▸ Task statement: In the records below, the line with "[P32V] -> sbFilteredVelocityDerivativeP32/1(u)" opens the range and the line with "Constant2/1 -> Product3/2" closes it; print that range exactly and nothing else.

▸ Material shown:
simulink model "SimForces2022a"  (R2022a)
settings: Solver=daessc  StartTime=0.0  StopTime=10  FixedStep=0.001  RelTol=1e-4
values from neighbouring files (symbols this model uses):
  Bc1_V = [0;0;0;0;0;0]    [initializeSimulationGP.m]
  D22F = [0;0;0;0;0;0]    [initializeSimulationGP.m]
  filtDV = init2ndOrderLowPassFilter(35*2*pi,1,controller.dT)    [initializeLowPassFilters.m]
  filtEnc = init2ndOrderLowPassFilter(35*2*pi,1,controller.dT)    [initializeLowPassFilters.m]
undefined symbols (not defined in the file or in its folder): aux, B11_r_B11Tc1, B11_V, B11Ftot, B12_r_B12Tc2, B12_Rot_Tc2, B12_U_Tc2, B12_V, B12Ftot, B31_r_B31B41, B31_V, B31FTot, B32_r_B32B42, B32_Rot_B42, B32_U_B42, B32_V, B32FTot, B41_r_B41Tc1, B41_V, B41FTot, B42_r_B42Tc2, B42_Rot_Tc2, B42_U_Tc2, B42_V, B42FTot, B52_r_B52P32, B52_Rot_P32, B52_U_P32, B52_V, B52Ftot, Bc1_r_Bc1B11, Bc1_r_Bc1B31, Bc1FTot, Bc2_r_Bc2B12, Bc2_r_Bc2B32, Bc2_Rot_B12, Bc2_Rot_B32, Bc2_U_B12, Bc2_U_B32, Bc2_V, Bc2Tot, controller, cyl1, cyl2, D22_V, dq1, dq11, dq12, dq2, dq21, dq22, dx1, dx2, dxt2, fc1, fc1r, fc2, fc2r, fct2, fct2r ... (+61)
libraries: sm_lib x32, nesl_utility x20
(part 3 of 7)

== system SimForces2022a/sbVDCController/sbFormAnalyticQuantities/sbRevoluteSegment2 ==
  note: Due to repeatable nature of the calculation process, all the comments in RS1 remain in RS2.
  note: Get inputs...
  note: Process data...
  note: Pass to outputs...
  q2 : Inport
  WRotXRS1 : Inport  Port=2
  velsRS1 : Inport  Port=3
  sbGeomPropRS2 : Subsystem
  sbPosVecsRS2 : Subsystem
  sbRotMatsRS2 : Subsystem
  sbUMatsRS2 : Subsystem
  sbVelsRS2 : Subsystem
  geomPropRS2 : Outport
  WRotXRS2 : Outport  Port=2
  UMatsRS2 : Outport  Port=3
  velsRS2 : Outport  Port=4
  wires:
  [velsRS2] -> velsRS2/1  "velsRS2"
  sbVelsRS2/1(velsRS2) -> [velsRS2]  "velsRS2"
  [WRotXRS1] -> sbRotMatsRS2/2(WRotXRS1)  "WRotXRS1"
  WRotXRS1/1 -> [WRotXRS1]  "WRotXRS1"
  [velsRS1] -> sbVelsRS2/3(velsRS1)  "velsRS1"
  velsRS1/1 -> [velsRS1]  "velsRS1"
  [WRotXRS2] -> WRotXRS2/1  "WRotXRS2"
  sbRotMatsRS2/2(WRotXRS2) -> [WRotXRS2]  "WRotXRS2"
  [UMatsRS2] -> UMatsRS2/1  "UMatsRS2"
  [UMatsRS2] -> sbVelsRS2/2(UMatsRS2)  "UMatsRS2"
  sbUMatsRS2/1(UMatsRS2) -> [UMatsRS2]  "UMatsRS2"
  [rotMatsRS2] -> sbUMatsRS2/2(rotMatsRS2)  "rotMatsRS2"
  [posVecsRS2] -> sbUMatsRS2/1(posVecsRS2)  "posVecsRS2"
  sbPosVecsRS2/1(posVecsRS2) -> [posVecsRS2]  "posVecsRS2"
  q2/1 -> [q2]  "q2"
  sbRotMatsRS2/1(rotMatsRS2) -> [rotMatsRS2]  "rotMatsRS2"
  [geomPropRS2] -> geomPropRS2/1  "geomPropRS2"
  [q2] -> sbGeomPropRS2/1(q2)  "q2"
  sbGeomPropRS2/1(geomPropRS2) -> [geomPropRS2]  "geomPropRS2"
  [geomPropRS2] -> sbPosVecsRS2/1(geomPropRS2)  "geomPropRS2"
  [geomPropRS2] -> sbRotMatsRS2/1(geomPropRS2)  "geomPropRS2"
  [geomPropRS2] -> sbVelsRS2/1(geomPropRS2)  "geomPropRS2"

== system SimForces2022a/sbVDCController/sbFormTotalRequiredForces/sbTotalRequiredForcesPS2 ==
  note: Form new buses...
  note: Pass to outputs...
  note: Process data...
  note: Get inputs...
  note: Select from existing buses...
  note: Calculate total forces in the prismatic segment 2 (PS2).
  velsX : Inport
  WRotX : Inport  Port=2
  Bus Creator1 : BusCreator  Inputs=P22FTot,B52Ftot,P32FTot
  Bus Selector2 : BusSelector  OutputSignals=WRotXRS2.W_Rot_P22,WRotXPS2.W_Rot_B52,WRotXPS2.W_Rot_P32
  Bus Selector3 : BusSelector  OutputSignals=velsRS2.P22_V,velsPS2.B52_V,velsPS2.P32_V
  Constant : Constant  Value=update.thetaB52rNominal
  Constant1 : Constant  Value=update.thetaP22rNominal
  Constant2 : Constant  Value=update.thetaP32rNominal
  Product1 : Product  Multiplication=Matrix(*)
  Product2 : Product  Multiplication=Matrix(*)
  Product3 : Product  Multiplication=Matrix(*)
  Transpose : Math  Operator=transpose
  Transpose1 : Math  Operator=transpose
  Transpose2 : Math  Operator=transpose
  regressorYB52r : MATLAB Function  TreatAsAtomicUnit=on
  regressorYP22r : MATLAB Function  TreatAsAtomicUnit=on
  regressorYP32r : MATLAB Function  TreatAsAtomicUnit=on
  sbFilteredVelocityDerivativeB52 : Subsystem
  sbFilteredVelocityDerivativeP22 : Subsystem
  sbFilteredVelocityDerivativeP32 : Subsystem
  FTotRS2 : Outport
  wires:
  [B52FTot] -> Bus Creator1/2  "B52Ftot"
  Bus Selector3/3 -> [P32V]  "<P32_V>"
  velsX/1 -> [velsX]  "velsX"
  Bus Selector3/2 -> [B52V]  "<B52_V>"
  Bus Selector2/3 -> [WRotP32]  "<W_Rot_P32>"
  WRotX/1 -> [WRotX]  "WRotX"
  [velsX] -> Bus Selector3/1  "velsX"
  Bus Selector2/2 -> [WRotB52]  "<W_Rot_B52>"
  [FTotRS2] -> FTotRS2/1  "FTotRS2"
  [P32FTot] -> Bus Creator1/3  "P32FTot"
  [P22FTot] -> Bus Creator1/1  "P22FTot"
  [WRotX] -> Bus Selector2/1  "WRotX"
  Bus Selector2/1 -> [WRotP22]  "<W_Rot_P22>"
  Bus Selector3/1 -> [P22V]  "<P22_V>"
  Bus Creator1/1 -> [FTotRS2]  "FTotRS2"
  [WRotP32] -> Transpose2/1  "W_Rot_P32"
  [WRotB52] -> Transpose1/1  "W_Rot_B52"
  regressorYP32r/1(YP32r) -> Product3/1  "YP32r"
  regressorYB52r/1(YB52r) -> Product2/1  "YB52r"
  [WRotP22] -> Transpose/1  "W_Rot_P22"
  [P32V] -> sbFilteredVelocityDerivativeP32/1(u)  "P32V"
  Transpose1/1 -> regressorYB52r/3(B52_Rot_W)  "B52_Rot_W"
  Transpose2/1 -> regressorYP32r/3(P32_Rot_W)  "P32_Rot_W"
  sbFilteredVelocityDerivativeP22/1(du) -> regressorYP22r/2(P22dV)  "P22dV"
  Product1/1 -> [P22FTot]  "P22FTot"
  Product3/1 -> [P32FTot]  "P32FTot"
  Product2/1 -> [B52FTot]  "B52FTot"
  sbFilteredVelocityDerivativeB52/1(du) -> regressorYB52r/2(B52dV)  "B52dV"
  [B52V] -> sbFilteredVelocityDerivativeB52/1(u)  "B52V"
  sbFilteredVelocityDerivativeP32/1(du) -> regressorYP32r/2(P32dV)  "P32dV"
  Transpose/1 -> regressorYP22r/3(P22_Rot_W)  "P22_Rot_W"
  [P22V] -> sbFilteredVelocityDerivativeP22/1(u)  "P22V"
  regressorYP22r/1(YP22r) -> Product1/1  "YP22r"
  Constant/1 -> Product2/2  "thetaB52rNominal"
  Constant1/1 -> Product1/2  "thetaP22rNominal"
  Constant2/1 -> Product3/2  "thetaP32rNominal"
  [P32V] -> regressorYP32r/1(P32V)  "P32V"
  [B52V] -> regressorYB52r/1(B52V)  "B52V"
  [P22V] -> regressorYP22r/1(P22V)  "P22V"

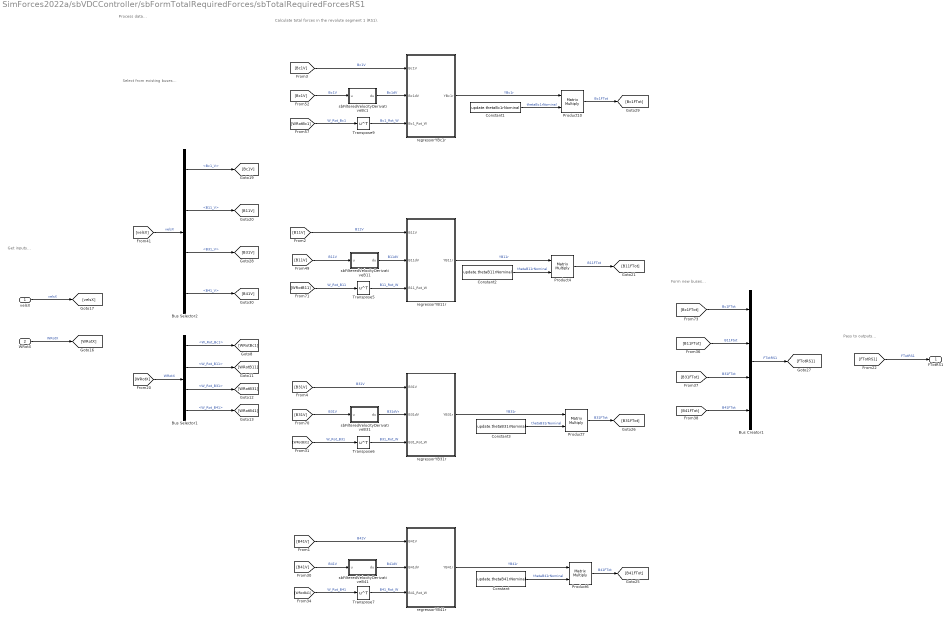
== system SimForces2022a/sbVDCController/sbFormTotalRequiredForces/sbTotalRequiredForcesRS1 ==
  note: Select from existing buses...
  note: Process data...
  note: Get inputs...
  note: Pass to outputs...
  note: Calculate total forces in the revolute segment 1 (RS1).
  note: Form new buses...
  velsX : Inport
  WRotX : Inport  Port=2
  Bus Creator1 : BusCreator  Inputs=Bc1FTot,B11Ftot,B31FTot,B41FTot
  Bus Selector1 : BusSelector  OutputSignals=WRotXRS1.W_Rot_Bc1,WRotXRS1.W_Rot_B11,WRotXRS1.W_Rot_B31,WRotXRS1.W_Rot_B41
  Bus Selector2 : BusSelector  OutputSignals=velsRS1.Bc1_V,velsRS1.B11_V,velsRS1.B31_V,velsRS1.B41_V
  Constant : Constant  Value=update.thetaB41rNominal
  Constant1 : Constant  Value=update.thetaBc1rNominal
  Constant2 : Constant  Value=update.thetaB11rNominal
  Constant3 : Constant  Value=update.thetaB31rNominal
  Product{4,6..7,10} (4 alike) : Product  Multiplication=Matrix(*)
  Transpose{5..7,9} (4 alike) : Math  Operator=transpose
  regressorYB11r : MATLAB Function  TreatAsAtomicUnit=on
  regressorYB31r : MATLAB Function  TreatAsAtomicUnit=on
  regressorYB41r : MATLAB Function  TreatAsAtomicUnit=on
  regressorYBc1r : MATLAB Function  TreatAsAtomicUnit=on
  sbFilteredVelocityDerivativeB11 : Subsystem
  sbFilteredVelocityDerivativeB31 : Subsystem
  sbFilteredVelocityDerivativeB41 : Subsystem
  sbFilteredVelocityDerivativeBc1 : Subsystem
  FTotRS1 : Outport
  wires:
  [FTotRS1] -> FTotRS1/1  "FTotRS1"
  velsX/1 -> [velsX]  "velsX"
  [WRotX] -> Bus Selector1/1  "WRotX"
  WRotX/1 -> [WRotX]  "WRotX"
  Bus Selector1/4 -> [WRotB41]  "<W_Rot_B41>"
  Bus Selector1/2 -> [WRotB11]  "<W_Rot_B11>"
  Bus Selector1/1 -> [WRotBc1]  "<W_Rot_Bc1>"
  Bus Selector1/3 -> [WRotB31]  "<W_Rot_B31>"
  regressorYB31r/1(YB31r) -> Product7/1  "YB31r"
  sbFilteredVelocityDerivativeB31/1(du) -> regressorYB31r/2(B31dV)  "B31dVr"
  [velsX] -> Bus Selector2/1  "velsX"
  sbFilteredVelocityDerivativeB41/1(du) -> regressorYB41r/2(B41dV)  "B41dV"
  Bus Creator1/1 -> [FTotRS1]  "FTotRS1"
  Product10/1 -> [Bc1FTot]  "Bc1FTot"
  [Bc1FTot] -> Bus Creator1/1  "Bc1FTot"
  [WRotB31] -> Transpose6/1  "W_Rot_B31"
  [B41FTot] -> Bus Creator1/4  "B41FTot"
  Bus Selector2/1 -> [Bc1V]  "<Bc1_V>"
  [B31FTot] -> Bus Creator1/3  "B31FTot"
  [WRotBc1] -> Transpose9/1  "W_Rot_Bc1"
  Transpose5/1 -> regressorYB11r/3(B11_Rot_W)  "B11_Rot_W"
  [WRotB11] -> Transpose5/1  "W_Rot_B11"
  Bus Selector2/2 -> [B11V]  "<B11_V>"
  Bus Selector2/4 -> [B41V]  "<B41_V>"
  regressorYBc1r/1(YBc1r) -> Product10/1  "YBc1r"
  regressorYB11r/1(YB11r) -> Product4/1  "YB11r"
  regressorYB41r/1(YB41r) -> Product6/1  "YB41r"
  [WRotB41] -> Transpose7/1  "W_Rot_B41"
  sbFilteredVelocityDerivativeB11/1(du) -> regressorYB11r/2(B11dV)  "B11dV"
  [Bc1V] -> sbFilteredVelocityDerivativeBc1/1(u)  "Bc1V"
  Transpose7/1 -> regressorYB41r/3(B41_Rot_W)  "B41_Rot_W"
  Transpose9/1 -> regressorYBc1r/3(Bc1_Rot_W)  "Bc1_Rot_W"
  [B11FTot] -> Bus Creator1/2  "B11Ftot"
  Product6/1 -> [B41FTot]  "B41FTot"
  Bus Selector2/3 -> [B31V]  "<B31_V>"
  [Bc1V] -> regressorYBc1r/1(Bc1V)  "Bc1V"
  sbFilteredVelocityDerivativeBc1/1(du) -> regressorYBc1r/2(Bc1dV)  "Bc1dV"
  Transpose6/1 -> regressorYB31r/3(B31_Rot_W)  "B31_Rot_W"
  Product4/1 -> [B11FTot]  "B11FTot"
  Product7/1 -> [B31FTot]  "B31FTot"
  Constant/1 -> Product6/2  "thetaB41rNominal"
  Constant3/1 -> Product7/2  "thetaB31rNominal"
  Constant2/1 -> Product4/2  "thetaB11rNominal"
  Constant1/1 -> Product10/2  "thetaBc1rNominal"
  [B41V] -> sbFilteredVelocityDerivativeB41/1(u)  "B41V"
  [B41V] -> regressorYB41r/1(B41V)  "B41V"
  [B11V] -> sbFilteredVelocityDerivativeB11/1(u)  "B11V"
  [B11V] -> regressorYB11r/1(B11V)  "B11V"
  [B31V] -> sbFilteredVelocityDerivativeB31/1(u)  "B31V"
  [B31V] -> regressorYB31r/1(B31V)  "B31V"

▸ Result of this exercise:
  [P32V] -> sbFilteredVelocityDerivativeP32/1(u)  "P32V"
  Transpose1/1 -> regressorYB52r/3(B52_Rot_W)  "B52_Rot_W"
  Transpose2/1 -> regressorYP32r/3(P32_Rot_W)  "P32_Rot_W"
  sbFilteredVelocityDerivativeP22/1(du) -> regressorYP22r/2(P22dV)  "P22dV"
  Product1/1 -> [P22FTot]  "P22FTot"
  Product3/1 -> [P32FTot]  "P32FTot"
  Product2/1 -> [B52FTot]  "B52FTot"
  sbFilteredVelocityDerivativeB52/1(du) -> regressorYB52r/2(B52dV)  "B52dV"
  [B52V] -> sbFilteredVelocityDerivativeB52/1(u)  "B52V"
  sbFilteredVelocityDerivativeP32/1(du) -> regressorYP32r/2(P32dV)  "P32dV"
  Transpose/1 -> regressorYP22r/3(P22_Rot_W)  "P22_Rot_W"
  [P22V] -> sbFilteredVelocityDerivativeP22/1(u)  "P22V"
  regressorYP22r/1(YP22r) -> Product1/1  "YP22r"
  Constant/1 -> Product2/2  "thetaB52rNominal"
  Constant1/1 -> Product1/2  "thetaP22rNominal"
  Constant2/1 -> Product3/2  "thetaP32rNominal"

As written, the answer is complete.